▶ What to produce:
Go through the data and copy every line in which "dimsah" appears.

===== Provided information

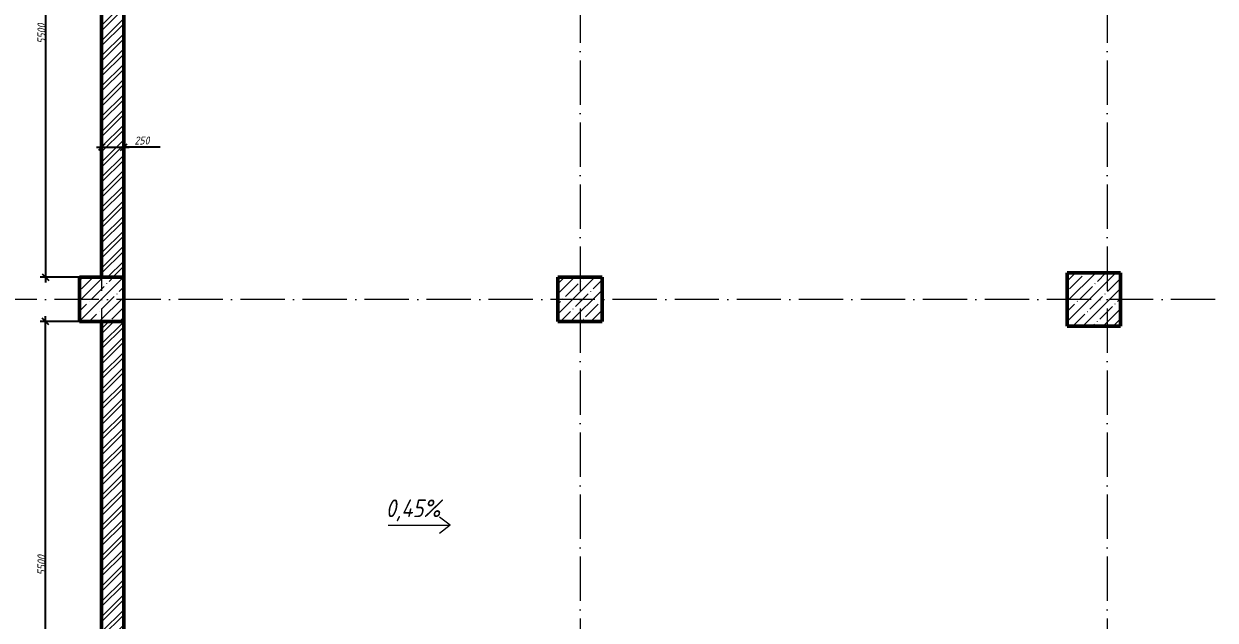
# Model space of a CAD drawing. Header units: millimetres. Extents: x -356862 to 418287, y 0 to 839748.
# Drawn here: x -273880 to -260433, y 492077 to 498808 of the extents above; entities that cross this region are included whole.
import ezdxf

# ---------------------------------------------------------------- set-up
doc = ezdxf.new("R2010")
doc.units = ezdxf.units.MM
doc.linetypes.add('50_200_ШТРИХ_1Т_ш5_п1_п1_', pattern=[700, 500, -100, 0, -100])
for name, color, linetype, lineweight in [('A-____-____-DIMS', 7, 'Continuous', 9), ('A-WALL-____-MCUT-2', 7, 'Continuous', 50), ('G-____-____-DIMS', 7, 'Continuous', 9), ('S-COLS-____-MCUT', 7, 'Continuous', 50), ('S-COLS-____-OTLN', 7, 'Continuous', 9), ('S-GRID-____-OTLN-1', 7, '50_200_ШТРИХ_1Т_ш5_п1_п1_', 9)]:
    doc.layers.add(name, color=color, linetype=linetype, lineweight=lineweight)
doc.layers.add('A-WALL-____-PATT-2', color=7, linetype='Continuous', lineweight=9, true_color=0x787878)
doc.styles.add('ISOCPEUR_I_5', font='isocpeui.ttf', dxfattribs={"width": 0.85, "height": 2.1})
doc.styles.add('ISOCPEUR_I_7', font='isocpeui.ttf', dxfattribs={"width": 0.9, "height": 90})
doc.dimstyles.new('ISO-1_8_0_9К_СРЕДНИЙ_Кладочные', dxfattribs={"dimscale": 304.8, "dimtxt": 89.638306, "dimasz": 0.246063, "dimexe": 0.19685, "dimexo": 0, "dimgap": 0, "dimtad": 1, "dimdec": 3, "dimrnd": 0.001, "dimdsep": 46, "dimtxsty": 'ISOCPEUR_I_7', "dimblk1": 'OBLIQUE', "dimblk2": 'OBLIQUE', "dimsah": 1, "dimcen": 0.09, "dimdle": 0.19685, "dimazin": 0, "dimtfac": 1, "dimtdec": 4, "dimtix": 1, "dimtmove": 2, "dimatfit": 3, "dimfxl": 1, "dimtvp": 1, "dimtolj": 1, "dimtzin": 0, "dimarcsym": 2})
doc.dimstyles.new('ISO-1_8_0_9К_СРЕДНИЙ_Кладочные_2', dxfattribs={"dimscale": 304.8, "dimtxt": 89.638306, "dimasz": 0.246063, "dimexe": 0.19685, "dimexo": 0, "dimgap": 0, "dimtad": 1, "dimdec": 3, "dimrnd": 0.001, "dimdsep": 46, "dimtxsty": 'ISOCPEUR_I_7', "dimblk1": 'OBLIQUE', "dimblk2": 'OBLIQUE', "dimsah": 1, "dimcen": 0.09, "dimdle": 0.19685, "dimazin": 0, "dimtfac": 1, "dimtdec": 4, "dimtix": 1, "dimtmove": 1, "dimatfit": 3, "dimfxl": 1, "dimtvp": 1, "dimtolj": 1, "dimtzin": 0, "dimarcsym": 2})
pattern_1 = [(45, (-350751.34, 459015.94), (-85.53659, 85.53659), []), (45, (-350694.32, 459015.94), (-85.53659, 85.53659), [])]

# ---------------------------------------------------------------- blocks, each defined once
blk = doc.blocks.new('BSC_Колонна _Прямоугольная - 600х600-26981669-АР1_Кладочный план подвала в осях 1-64_А-ГГ')
at = {"layer": 'S-COLS-____-OTLN'}
h = blk.add_hatch(dxfattribs=at)
h.set_pattern_fill('FP_21', color=256, style=0, pattern_type=2)
h.set_pattern_definition([(45, (-88950, -36681.04), (-114.04925, 114.04925), []), (45, (-88835.95, -36681.04), (-114.04925, 114.04925), [201.613, -40.323, 3.353, -36.97])])
h.paths.add_polyline_path([(-300, -300), (300, -300), (300, 300), (-300, 300)], flags=0)
at = {"layer": 'S-COLS-____-MCUT'}
for p, q in [((300, 300), (-300, 300)), ((-300, 300), (-300, -300)), ((300, -300), (300, 300)), ((-300, -300), (300, -300))]:
    blk.add_line(p, q, dxfattribs=at)
blk = doc.blocks.new('BSC_Колонна _Прямоугольная - 500х500-V89-АР1_Кладочный план подвала в осях 1-64_А-ГГ')
at = {"layer": 'S-COLS-____-OTLN'}
h = blk.add_hatch(dxfattribs=at)
h.set_pattern_fill('FP_101', color=256, style=0, pattern_type=2)
h.set_pattern_definition([(45, (-77750, -36681.04), (-114.04925, 114.04925), []), (45, (-77635.95, -36681.04), (-114.04925, 114.04925), [201.613, -40.323, 3.353, -36.97])])
h.paths.add_polyline_path([(-250, -250), (250, -250), (250, 250), (-250, 250)], flags=0)
at = {"layer": 'S-COLS-____-MCUT'}
for p, q in [((250, 250), (-250, 250)), ((-250, 250), (-250, -250)), ((250, -250), (250, 250)), ((-250, -250), (250, -250))]:
    blk.add_line(p, q, dxfattribs=at)
blk = doc.blocks.new('BSC_Колонна _Прямоугольная - 500х500-V90-АР1_Кладочный план подвала в осях 1-64_А-ГГ')
at = {"layer": 'S-COLS-____-OTLN'}
h = blk.add_hatch(dxfattribs=at)
h.set_pattern_fill('FP_102', color=256, style=0, pattern_type=2)
h.set_pattern_definition([(45, (-83150, -36681.04), (-114.04925, 114.04925), []), (45, (-83035.95, -36681.04), (-114.04925, 114.04925), [201.613, -40.323, 3.353, -36.97])])
h.paths.add_polyline_path([(-250, -250), (250, -250), (250, 250), (-250, 250)], flags=0)
at = {"layer": 'S-COLS-____-MCUT'}
for p, q in [((250, 250), (-250, 250)), ((-250, 250), (-250, -250)), ((250, -250), (250, 250)), ((-250, -250), (250, -250))]:
    blk.add_line(p, q, dxfattribs=at)
blk = doc.blocks.new('_Oblique')
at = {"color": 0, "linetype": 'ByBlock', "lineweight": -2}
blk.add_line((-0.5, -0.5), (0.5, 0.5), dxfattribs=at)
blk = doc.blocks.new('*D8166')
at = {"layer": 'A-____-____-DIMS', "color": 0, "lineweight": -2, "transparency": 16777216}
for p, q in [((-273001, 501447), (-273696, 501447)), ((-273636, 501507), (-273636, 495887)), ((-273001, 495947), (-273696, 495947))]:
    blk.add_line(p, q, dxfattribs=at)
at = {"layer": 'Defpoints', "color": 0, "transparency": 16777216}
for p in [(-273001, 501447), (-273636, 495947), (-273001, 495947)]:
    blk.add_point(p, dxfattribs=at)
at = {"layer": 'A-____-____-DIMS', "color": 0, "lineweight": -2, "transparency": 16777216, "xscale": 75, "yscale": 75, "zscale": 75}
for p, rotation in [((-273636, 501447), 90), ((-273636, 495947), 270)]:
    blk.add_blockref('_Oblique', p, dxfattribs=dict(at, rotation=rotation))
at = {"layer": 'A-____-____-DIMS', "color": 0, "transparency": 16777216, "insert": (-273681, 498697), "char_height": 90, "width": 546.1, "attachment_point": 5, "rotation": 90, "style": 'ISOCPEUR_I_7'}
blk.add_mtext('\\A1;5500', dxfattribs=at)
blk = doc.blocks.new('*D8167')
at = {"layer": 'A-____-____-DIMS', "color": 0, "lineweight": -2, "transparency": 16777216}
for p, q in [((-273251, 495447), (-273696, 495447)), ((-273636, 489887), (-273636, 495507)), ((-273001, 489947), (-273696, 489947))]:
    blk.add_line(p, q, dxfattribs=at)
at = {"layer": 'Defpoints', "color": 0, "transparency": 16777216}
for p in [(-273636, 495447), (-273251, 495447), (-273001, 489947)]:
    blk.add_point(p, dxfattribs=at)
at = {"layer": 'A-____-____-DIMS', "color": 0, "lineweight": -2, "transparency": 16777216, "xscale": 75, "yscale": 75, "zscale": 75}
for p, rotation in [((-273636, 495447), 90), ((-273636, 489947), 270)]:
    blk.add_blockref('_Oblique', p, dxfattribs=dict(at, rotation=rotation))
at = {"layer": 'A-____-____-DIMS', "color": 0, "transparency": 16777216, "insert": (-273681, 492697), "char_height": 90, "width": 546.1, "attachment_point": 5, "rotation": 90, "style": 'ISOCPEUR_I_7'}
blk.add_mtext('\\A1;5500', dxfattribs=at)
blk = doc.blocks.new('*D8217')
at = {"layer": 'A-____-____-DIMS', "color": 0, "lineweight": -2, "transparency": 16777216}
for p, q in [((-273061, 497416), (-272691, 497416)), ((-273001, 497522), (-273001, 497356)), ((-272751, 497522), (-272751, 497356)), ((-272340, 497416), (-272751, 497416))]:
    blk.add_line(p, q, dxfattribs=at)
at = {"layer": 'Defpoints', "color": 0, "transparency": 16777216}
for p in [(-273001, 497522), (-272751, 497522), (-272751, 497416)]:
    blk.add_point(p, dxfattribs=at)
at = {"layer": 'A-____-____-DIMS', "color": 0, "lineweight": -2, "transparency": 16777216, "xscale": 75, "yscale": 75, "zscale": 75, "rotation": 180}
blk.add_blockref('_Oblique', (-273001, 497416), dxfattribs=at)
at = {"layer": 'A-____-____-DIMS', "color": 0, "lineweight": -2, "transparency": 16777216, "xscale": 75, "yscale": 75, "zscale": 75}
blk.add_blockref('_Oblique', (-272751, 497416), dxfattribs=at)
at = {"layer": 'A-____-____-DIMS', "color": 0, "transparency": 16777216, "insert": (-272631, 497536), "char_height": 90, "width": 409.58, "attachment_point": 1, "line_spacing_factor": 1.149209, "style": 'ISOCPEUR_I_7'}
blk.add_mtext('\\A1;250', dxfattribs=at)

msp = doc.modelspace()

# ---------------------------------------------------------------- hatches: boundary and pattern name
at = {"layer": 'A-WALL-____-PATT-2'}
h = msp.add_hatch(dxfattribs=at)
h.set_pattern_fill('FP_5', color=256, style=0, pattern_type=2)
h.set_pattern_definition(pattern_1)
h.paths.add_polyline_path([(-272751.3432, 495946.983), (-272751.3432, 501446.983), (-273001.3432, 501446.983), (-273001.3432, 495946.983), (-272996.5691, 495946.983)], flags=0)
h = msp.add_hatch(dxfattribs=at)
h.set_pattern_fill('FP_5', color=256, style=0, pattern_type=2)
h.set_pattern_definition(pattern_1)
h.paths.add_polyline_path([(-272751.3432, 489946.983), (-272751.3432, 495446.983), (-273001.3432, 495446.983), (-273001.3432, 489946.983), (-272996.5691, 489946.983)], flags=0)

# ---------------------------------------------------------------- linework, layer by layer
at = {"layer": 'A-WALL-____-MCUT-2'}
for p, q in [((-273001.3432, 501446.983), (-273001.3432, 495946.983)), ((-272751.3432, 495946.983), (-272751.3432, 501446.983)), ((-273001.3432, 495446.983), (-273001.3432, 489946.983)), ((-272751.3432, 489946.983), (-272751.3432, 495446.983))]:
    msp.add_line(p, q, dxfattribs=at)
at = {"layer": 'G-____-____-DIMS'}
for p, q in [((-269066.4241, 493148.1388), (-269186.4241, 493240.218)), ((-269766.4241, 493148.1388), (-269066.4241, 493148.1388)), ((-269066.4241, 493148.1388), (-269186.4241, 493056.0595))]:
    msp.add_line(p, q, dxfattribs=at)
at = {"layer": 'S-GRID-____-OTLN-1'}
for p, q in [((-273001.3432, 508896.9006), (-273001.3432, 467585.8406)), ((-267601.3432, 508896.9006), (-267601.3432, 470838.6753)), ((-261651.3432, 508896.9006), (-261651.3432, 454533.3346)), ((-260432.5559, 495696.983), (-283424.5728, 495696.983))]:
    msp.add_line(p, q, dxfattribs=at)

# ---------------------------------------------------------------- block references
at = {"layer": 'S-COLS-____-OTLN'}
for name, p in [('BSC_Колонна _Прямоугольная - 500х500-V89-АР1_Кладочный план подвала в осях 1-64_А-ГГ', (-273001.3432, 495696.983)), ('BSC_Колонна _Прямоугольная - 500х500-V90-АР1_Кладочный план подвала в осях 1-64_А-ГГ', (-267601.3432, 495696.983)), ('BSC_Колонна _Прямоугольная - 600х600-26981669-АР1_Кладочный план подвала в осях 1-64_А-ГГ', (-261801.3432, 495696.983))]:
    msp.add_blockref(name, p, dxfattribs=at)

# ---------------------------------------------------------------- texts
at = {"layer": 'G-____-____-DIMS', "insert": (-269793.8885, 493439.4299), "char_height": 200, "width": 905.914521, "attachment_point": 1, "line_spacing_factor": 1.149209, "style": 'ISOCPEUR_I_5'}
msp.add_mtext('0,45%', dxfattribs=at)

# ---------------------------------------------------------------- dimensions: what is measured, and where the dimension line sits
at = {"layer": 'A-____-____-DIMS'}
for base, p1, p2, override, picture, middle in [((-273636.2182, 495946.983), (-273001.3432, 501446.983), (-273001.3432, 495946.983), {"dimtxt": 400, "dimpost": '<>', "dimfxl": 5500}, '*D8166', (-273681.2182, 498696.983)), ((-273636.2182, 495446.983), (-273001.3432, 489946.983), (-273251.3432, 495446.983), {"dimtxt": 400, "dimpost": '<>', "dimfxl": 5505.678886}, '*D8167', (-273681.2182, 492696.983))]:
    dim = msp.add_linear_dim(base=base, p1=p1, p2=p2, angle=90, dimstyle='ISO-1_8_0_9К_СРЕДНИЙ_Кладочные', override=override, dxfattribs=at)
    dim.commit()
    dim.dimension.update_dxf_attribs({"geometry": picture, "text_midpoint": middle})
dim = msp.add_linear_dim(base=(-272751.3432, 497415.7489), p1=(-273001.3432, 497521.8149), p2=(-272751.3432, 497521.8149), dimstyle='ISO-1_8_0_9К_СРЕДНИЙ_Кладочные_2', override={"dimtxt": 400, "dimpost": '<>', "dimfxl": 250}, dxfattribs=at)
dim.commit()
dim.dimension.update_dxf_attribs({"geometry": '*D8217', "text_midpoint": (-272426.1824, 497530.9109), "dimtype": 160})

doc.saveas('drawing.dxf')

==========

▶ Expected output:
doc.dimstyles.new('ISO-1_8_0_9К_СРЕДНИЙ_Кладочные', dxfattribs={"dimscale": 304.8, "dimtxt": 89.638306, "dimasz": 0.246063, "dimexe": 0.19685, "dimexo": 0, "dimgap": 0, "dimtad": 1, "dimdec": 3, "dimrnd": 0.001, "dimdsep": 46, "dimtxsty": 'ISOCPEUR_I_7', "dimblk1": 'OBLIQUE', "dimblk2": 'OBLIQUE', "dimsah": 1, "dimcen": 0.09, "dimdle": 0.19685, "dimazin": 0, "dimtfac": 1, "dimtdec": 4, "dimtix": 1, "dimtmove": 2, "dimatfit": 3, "dimfxl": 1, "dimtvp": 1, "dimtolj": 1, "dimtzin": 0, "dimarcsym": 2})
doc.dimstyles.new('ISO-1_8_0_9К_СРЕДНИЙ_Кладочные_2', dxfattribs={"dimscale": 304.8, "dimtxt": 89.638306, "dimasz": 0.246063, "dimexe": 0.19685, "dimexo": 0, "dimgap": 0, "dimtad": 1, "dimdec": 3, "dimrnd": 0.001, "dimdsep": 46, "dimtxsty": 'ISOCPEUR_I_7', "dimblk1": 'OBLIQUE', "dimblk2": 'OBLIQUE', "dimsah": 1, "dimcen": 0.09, "dimdle": 0.19685, "dimazin": 0, "dimtfac": 1, "dimtdec": 4, "dimtix": 1, "dimtmove": 1, "dimatfit": 3, "dimfxl": 1, "dimtvp": 1, "dimtolj": 1, "dimtzin": 0, "dimarcsym": 2})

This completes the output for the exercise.